_Task brief_.
Write out exactly the first lines of the listing, ending on the line that contains "- 回路図 [PDF](./rp2350a-full_v1.0.1_semantics.pdf)".

┏━━

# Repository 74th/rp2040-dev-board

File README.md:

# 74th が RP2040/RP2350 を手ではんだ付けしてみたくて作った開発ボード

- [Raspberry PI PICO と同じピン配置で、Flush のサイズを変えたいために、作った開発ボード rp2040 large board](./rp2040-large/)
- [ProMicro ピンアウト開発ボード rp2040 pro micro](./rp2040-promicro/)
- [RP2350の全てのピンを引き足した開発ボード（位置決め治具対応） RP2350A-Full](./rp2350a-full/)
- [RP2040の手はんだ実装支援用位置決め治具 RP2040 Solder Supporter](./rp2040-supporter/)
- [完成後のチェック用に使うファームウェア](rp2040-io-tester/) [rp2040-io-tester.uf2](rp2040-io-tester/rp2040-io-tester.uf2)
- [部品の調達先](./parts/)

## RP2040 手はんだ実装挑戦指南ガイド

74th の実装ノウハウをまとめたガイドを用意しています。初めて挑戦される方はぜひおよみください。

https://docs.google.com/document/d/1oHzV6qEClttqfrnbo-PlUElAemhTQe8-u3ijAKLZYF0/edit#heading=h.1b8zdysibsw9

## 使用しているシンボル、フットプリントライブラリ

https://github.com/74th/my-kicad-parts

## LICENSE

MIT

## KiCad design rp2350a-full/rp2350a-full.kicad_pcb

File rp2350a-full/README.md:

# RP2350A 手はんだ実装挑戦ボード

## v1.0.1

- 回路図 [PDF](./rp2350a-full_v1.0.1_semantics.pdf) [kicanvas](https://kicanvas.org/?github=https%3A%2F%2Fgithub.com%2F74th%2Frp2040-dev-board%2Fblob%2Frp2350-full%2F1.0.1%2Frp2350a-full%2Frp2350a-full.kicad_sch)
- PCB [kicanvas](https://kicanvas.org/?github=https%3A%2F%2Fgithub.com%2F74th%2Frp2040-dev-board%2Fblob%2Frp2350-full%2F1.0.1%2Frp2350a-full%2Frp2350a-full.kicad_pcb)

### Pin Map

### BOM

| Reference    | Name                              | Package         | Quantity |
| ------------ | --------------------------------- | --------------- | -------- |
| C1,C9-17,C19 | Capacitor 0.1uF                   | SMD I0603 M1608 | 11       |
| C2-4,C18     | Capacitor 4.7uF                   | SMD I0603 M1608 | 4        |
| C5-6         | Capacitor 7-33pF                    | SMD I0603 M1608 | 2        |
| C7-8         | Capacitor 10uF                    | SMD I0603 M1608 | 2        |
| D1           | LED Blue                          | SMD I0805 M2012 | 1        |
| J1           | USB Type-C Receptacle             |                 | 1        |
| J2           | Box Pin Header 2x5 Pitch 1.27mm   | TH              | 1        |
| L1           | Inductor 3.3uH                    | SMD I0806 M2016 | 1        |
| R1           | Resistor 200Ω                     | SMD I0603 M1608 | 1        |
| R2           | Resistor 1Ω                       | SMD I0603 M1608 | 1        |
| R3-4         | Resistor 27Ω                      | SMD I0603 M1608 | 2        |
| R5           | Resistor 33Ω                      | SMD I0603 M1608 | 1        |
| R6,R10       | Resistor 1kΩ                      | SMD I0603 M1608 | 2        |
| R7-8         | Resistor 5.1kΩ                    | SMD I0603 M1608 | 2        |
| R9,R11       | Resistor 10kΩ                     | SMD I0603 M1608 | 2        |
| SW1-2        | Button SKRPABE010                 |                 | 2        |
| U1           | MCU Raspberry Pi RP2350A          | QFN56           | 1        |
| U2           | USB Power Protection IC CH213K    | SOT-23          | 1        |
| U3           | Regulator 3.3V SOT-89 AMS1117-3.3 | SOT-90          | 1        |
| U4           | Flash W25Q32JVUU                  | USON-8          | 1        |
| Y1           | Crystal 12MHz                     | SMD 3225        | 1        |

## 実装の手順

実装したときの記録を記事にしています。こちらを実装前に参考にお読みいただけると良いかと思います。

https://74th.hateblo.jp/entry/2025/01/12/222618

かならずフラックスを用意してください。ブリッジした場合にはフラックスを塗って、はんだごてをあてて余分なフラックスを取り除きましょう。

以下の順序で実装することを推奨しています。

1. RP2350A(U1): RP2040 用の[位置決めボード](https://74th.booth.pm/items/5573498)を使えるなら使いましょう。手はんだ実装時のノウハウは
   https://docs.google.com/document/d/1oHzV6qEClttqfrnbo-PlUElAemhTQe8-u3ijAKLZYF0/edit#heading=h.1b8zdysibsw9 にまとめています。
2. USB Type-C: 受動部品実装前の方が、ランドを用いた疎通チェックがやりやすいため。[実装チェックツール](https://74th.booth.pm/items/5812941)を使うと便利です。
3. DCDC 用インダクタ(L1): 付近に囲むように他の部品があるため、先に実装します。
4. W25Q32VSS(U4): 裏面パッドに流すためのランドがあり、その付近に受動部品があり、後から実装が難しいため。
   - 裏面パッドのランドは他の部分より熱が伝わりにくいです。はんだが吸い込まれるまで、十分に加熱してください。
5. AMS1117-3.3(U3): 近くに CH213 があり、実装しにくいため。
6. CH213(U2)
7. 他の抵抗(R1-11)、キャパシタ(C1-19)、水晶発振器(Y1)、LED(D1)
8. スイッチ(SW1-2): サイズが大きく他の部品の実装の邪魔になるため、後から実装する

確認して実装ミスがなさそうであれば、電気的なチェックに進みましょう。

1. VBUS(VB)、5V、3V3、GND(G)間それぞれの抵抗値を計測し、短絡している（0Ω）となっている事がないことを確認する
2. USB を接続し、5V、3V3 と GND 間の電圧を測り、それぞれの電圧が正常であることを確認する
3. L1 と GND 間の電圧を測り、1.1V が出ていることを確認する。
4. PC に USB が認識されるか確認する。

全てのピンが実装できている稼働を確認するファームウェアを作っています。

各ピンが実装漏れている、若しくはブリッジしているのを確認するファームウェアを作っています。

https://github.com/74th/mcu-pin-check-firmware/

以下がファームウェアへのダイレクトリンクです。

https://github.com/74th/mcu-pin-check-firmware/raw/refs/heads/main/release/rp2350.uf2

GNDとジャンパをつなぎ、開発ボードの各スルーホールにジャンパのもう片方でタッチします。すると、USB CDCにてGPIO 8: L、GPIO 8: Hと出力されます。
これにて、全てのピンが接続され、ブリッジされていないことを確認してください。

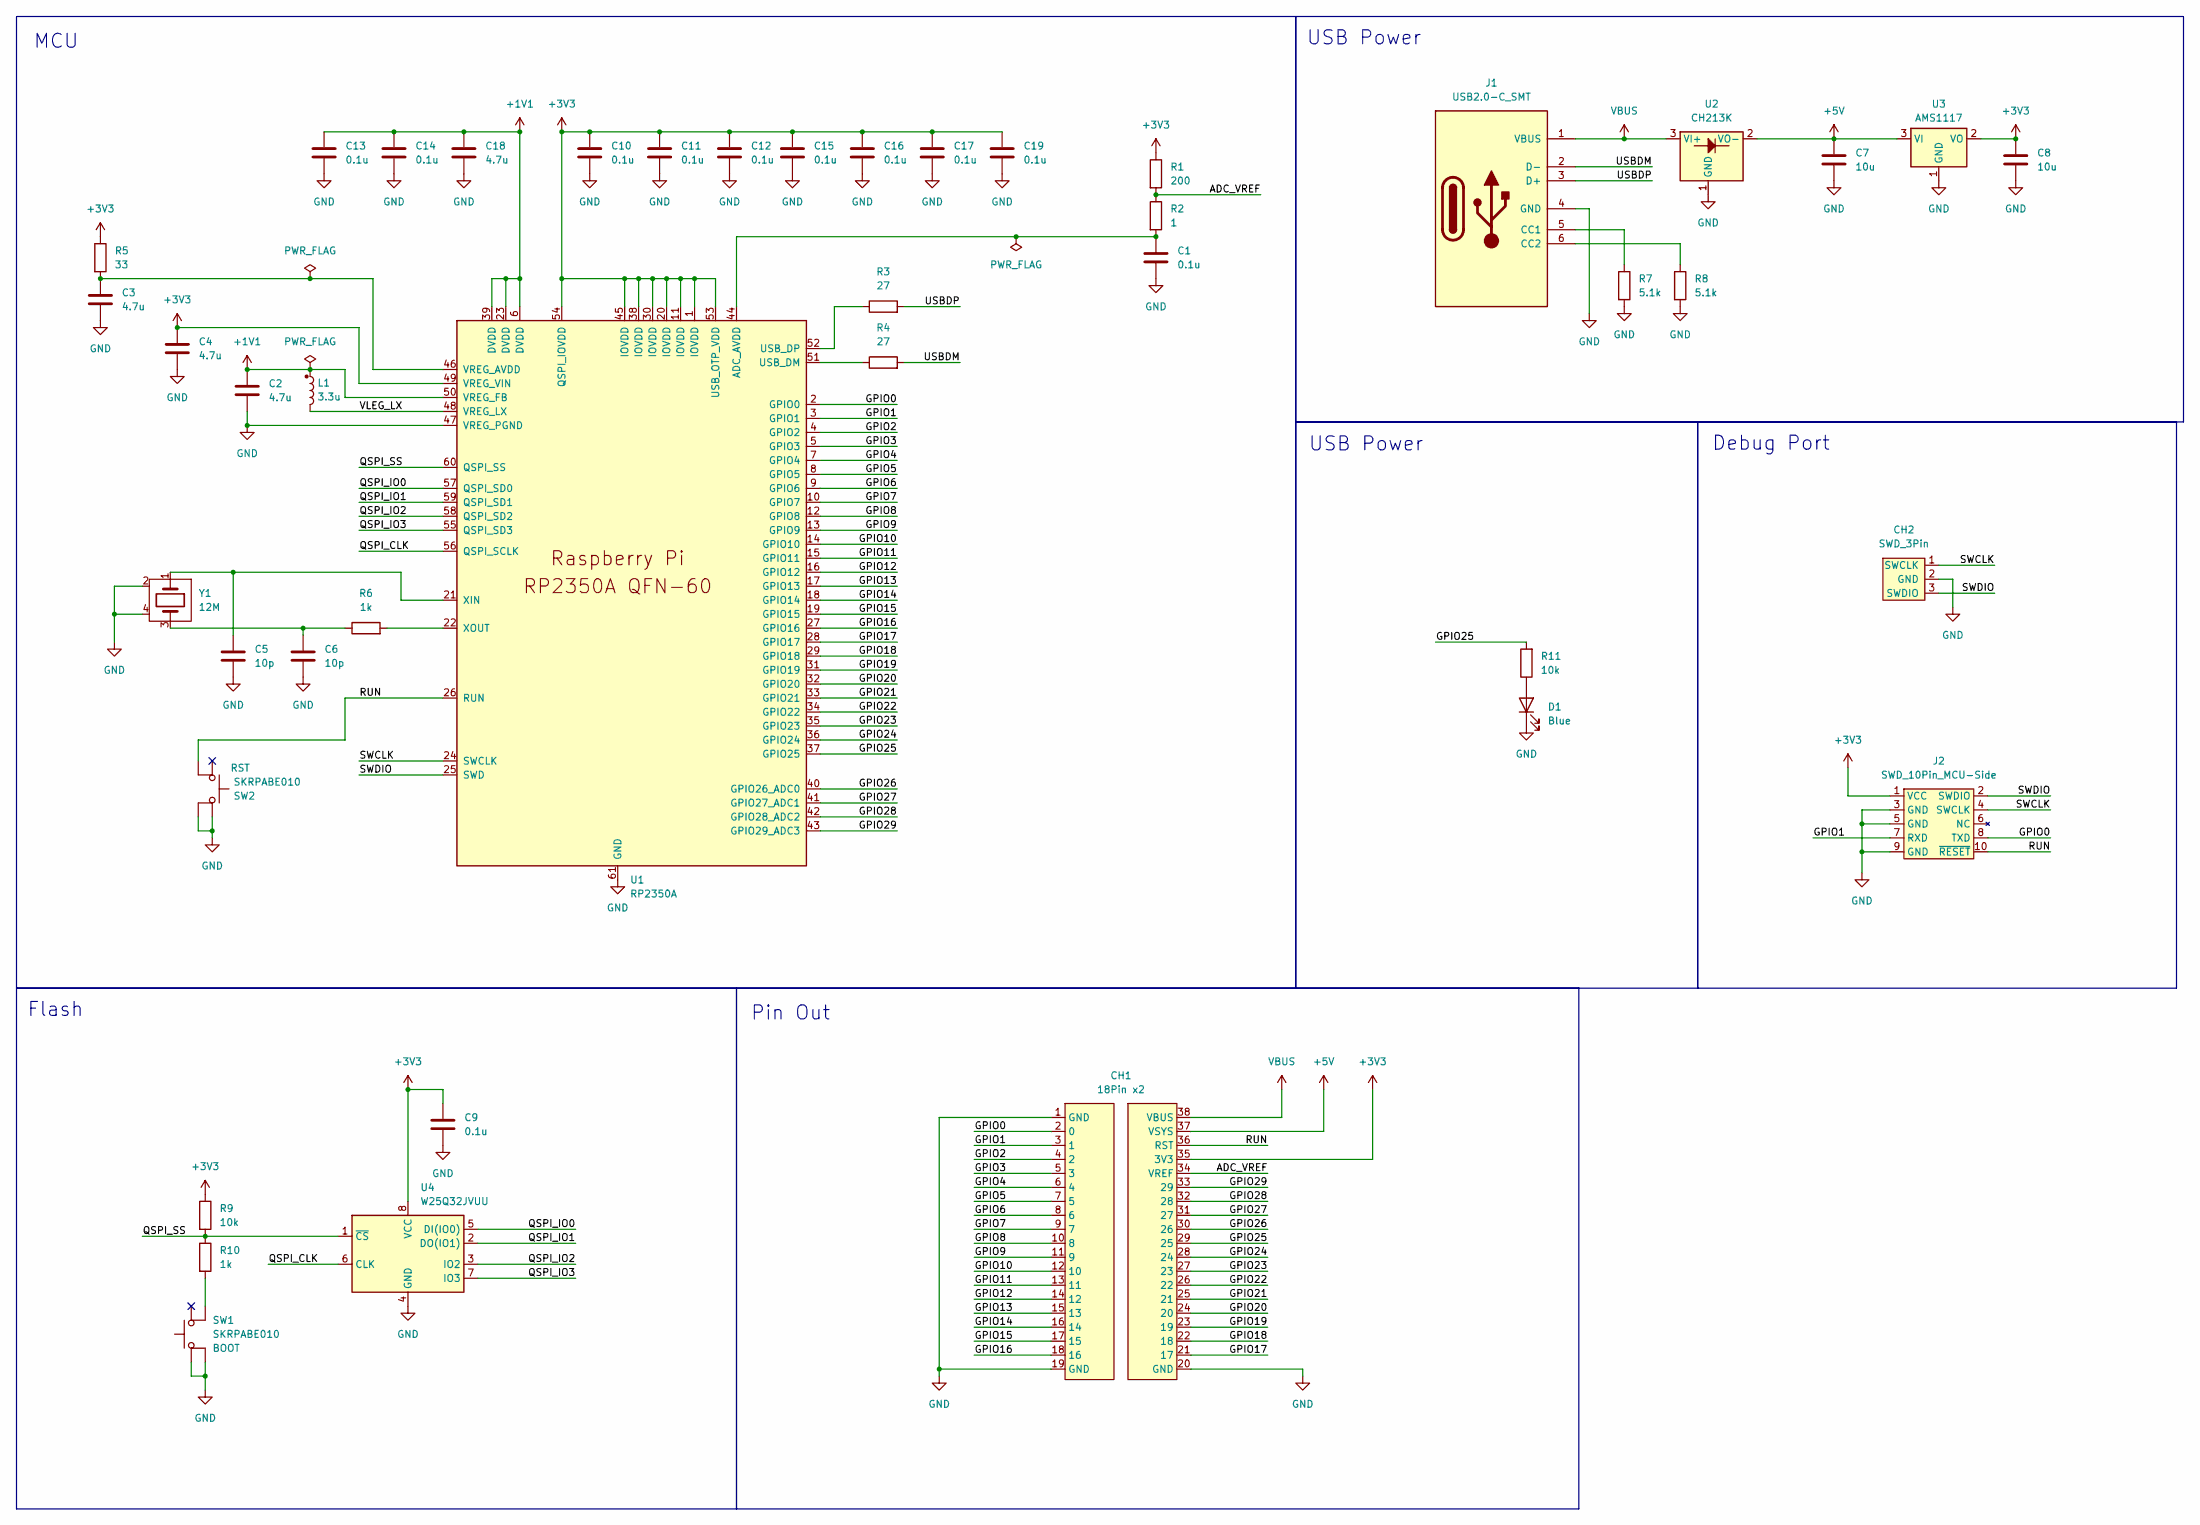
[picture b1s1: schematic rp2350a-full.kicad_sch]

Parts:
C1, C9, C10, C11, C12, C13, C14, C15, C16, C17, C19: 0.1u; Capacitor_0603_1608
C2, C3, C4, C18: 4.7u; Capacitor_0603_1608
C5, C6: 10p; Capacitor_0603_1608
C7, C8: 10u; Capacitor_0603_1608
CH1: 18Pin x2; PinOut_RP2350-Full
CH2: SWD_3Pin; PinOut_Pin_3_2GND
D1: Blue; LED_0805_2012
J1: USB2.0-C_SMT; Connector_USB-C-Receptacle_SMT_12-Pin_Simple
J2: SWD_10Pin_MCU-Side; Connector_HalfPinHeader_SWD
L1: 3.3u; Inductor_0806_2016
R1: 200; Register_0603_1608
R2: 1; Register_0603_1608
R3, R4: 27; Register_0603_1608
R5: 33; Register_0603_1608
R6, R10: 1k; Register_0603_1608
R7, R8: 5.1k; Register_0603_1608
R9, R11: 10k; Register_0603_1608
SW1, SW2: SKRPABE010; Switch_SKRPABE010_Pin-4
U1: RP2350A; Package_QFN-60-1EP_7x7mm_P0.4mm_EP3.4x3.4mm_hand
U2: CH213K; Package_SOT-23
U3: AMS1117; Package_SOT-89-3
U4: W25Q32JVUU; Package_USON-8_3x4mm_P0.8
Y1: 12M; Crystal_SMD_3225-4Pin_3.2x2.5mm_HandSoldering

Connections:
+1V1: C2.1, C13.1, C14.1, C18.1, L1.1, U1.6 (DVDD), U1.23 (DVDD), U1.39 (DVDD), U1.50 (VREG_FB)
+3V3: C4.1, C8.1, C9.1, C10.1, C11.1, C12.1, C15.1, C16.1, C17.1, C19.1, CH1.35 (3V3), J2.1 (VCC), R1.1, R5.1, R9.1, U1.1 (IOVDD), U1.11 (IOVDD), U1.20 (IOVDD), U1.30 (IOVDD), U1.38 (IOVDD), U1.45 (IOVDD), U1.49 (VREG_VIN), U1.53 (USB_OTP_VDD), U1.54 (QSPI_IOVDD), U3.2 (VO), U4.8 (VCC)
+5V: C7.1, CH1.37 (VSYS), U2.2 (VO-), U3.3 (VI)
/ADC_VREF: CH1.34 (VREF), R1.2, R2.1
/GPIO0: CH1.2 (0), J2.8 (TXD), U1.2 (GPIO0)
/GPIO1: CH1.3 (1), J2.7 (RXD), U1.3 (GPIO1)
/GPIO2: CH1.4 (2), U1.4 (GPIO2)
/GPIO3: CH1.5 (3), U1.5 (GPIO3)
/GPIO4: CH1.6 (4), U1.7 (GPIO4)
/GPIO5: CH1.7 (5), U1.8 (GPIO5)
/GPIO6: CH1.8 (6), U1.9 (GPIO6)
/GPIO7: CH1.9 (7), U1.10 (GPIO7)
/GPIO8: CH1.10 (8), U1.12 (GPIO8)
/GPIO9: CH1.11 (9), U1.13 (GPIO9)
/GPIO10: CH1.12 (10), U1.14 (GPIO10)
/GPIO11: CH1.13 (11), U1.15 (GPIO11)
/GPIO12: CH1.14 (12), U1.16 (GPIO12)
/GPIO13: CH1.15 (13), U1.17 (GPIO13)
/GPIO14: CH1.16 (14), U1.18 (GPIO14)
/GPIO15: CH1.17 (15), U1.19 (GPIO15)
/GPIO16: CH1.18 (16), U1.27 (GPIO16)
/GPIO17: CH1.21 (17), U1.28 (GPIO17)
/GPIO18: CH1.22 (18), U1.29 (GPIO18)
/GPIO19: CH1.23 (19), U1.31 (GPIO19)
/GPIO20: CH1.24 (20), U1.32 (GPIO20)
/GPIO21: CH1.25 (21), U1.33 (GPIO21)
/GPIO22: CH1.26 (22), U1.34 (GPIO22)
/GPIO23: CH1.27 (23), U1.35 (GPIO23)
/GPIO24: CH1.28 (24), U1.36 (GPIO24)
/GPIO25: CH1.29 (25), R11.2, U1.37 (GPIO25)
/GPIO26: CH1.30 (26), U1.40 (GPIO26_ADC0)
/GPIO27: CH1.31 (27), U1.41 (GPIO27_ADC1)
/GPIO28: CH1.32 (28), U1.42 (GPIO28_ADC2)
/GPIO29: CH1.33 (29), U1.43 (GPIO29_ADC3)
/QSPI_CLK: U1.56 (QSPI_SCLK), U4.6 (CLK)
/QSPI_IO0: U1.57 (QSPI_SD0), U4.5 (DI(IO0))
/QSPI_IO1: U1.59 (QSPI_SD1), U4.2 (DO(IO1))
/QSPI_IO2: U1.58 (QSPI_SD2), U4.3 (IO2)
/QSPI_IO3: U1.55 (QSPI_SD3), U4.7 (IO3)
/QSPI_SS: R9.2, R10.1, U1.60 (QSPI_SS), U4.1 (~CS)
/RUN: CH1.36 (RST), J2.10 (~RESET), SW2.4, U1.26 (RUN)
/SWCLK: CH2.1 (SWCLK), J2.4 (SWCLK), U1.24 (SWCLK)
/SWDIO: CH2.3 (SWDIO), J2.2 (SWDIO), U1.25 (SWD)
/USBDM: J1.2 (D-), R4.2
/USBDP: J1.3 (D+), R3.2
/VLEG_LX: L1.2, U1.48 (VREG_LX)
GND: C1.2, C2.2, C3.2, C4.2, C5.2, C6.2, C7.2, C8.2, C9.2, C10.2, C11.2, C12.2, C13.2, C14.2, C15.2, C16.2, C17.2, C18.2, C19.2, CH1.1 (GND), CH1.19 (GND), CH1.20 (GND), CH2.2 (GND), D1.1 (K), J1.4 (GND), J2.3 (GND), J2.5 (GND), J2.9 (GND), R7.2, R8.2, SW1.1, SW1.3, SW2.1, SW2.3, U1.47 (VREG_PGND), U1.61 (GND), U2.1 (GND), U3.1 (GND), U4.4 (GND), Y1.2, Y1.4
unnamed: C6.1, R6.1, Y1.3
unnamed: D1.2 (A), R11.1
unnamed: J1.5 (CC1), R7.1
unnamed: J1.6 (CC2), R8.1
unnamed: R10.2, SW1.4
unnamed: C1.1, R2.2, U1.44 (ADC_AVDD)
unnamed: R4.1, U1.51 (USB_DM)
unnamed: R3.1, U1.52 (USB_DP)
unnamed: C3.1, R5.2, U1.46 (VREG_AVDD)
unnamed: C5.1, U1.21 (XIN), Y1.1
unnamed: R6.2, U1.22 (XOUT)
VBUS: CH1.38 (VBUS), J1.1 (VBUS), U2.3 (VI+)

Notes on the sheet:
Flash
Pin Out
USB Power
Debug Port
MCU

┗━━

_Solution to this task_.
# Repository 74th/rp2040-dev-board

File README.md:

# 74th が RP2040/RP2350 を手ではんだ付けしてみたくて作った開発ボード

- [Raspberry PI PICO と同じピン配置で、Flush のサイズを変えたいために、作った開発ボード rp2040 large board](./rp2040-large/)
- [ProMicro ピンアウト開発ボード rp2040 pro micro](./rp2040-promicro/)
- [RP2350の全てのピンを引き足した開発ボード（位置決め治具対応） RP2350A-Full](./rp2350a-full/)
- [RP2040の手はんだ実装支援用位置決め治具 RP2040 Solder Supporter](./rp2040-supporter/)
- [完成後のチェック用に使うファームウェア](rp2040-io-tester/) [rp2040-io-tester.uf2](rp2040-io-tester/rp2040-io-tester.uf2)
- [部品の調達先](./parts/)

## RP2040 手はんだ実装挑戦指南ガイド

74th の実装ノウハウをまとめたガイドを用意しています。初めて挑戦される方はぜひおよみください。

https://docs.google.com/document/d/1oHzV6qEClttqfrnbo-PlUElAemhTQe8-u3ijAKLZYF0/edit#heading=h.1b8zdysibsw9

## 使用しているシンボル、フットプリントライブラリ

https://github.com/74th/my-kicad-parts

## LICENSE

MIT

## KiCad design rp2350a-full/rp2350a-full.kicad_pcb

File rp2350a-full/README.md:

# RP2350A 手はんだ実装挑戦ボード

## v1.0.1

- 回路図 [PDF](./rp2350a-full_v1.0.1_semantics.pdf) [kicanvas](https://kicanvas.org/?github=https%3A%2F%2Fgithub.com%2F74th%2Frp2040-dev-board%2Fblob%2Frp2350-full%2F1.0.1%2Frp2350a-full%2Frp2350a-full.kicad_sch)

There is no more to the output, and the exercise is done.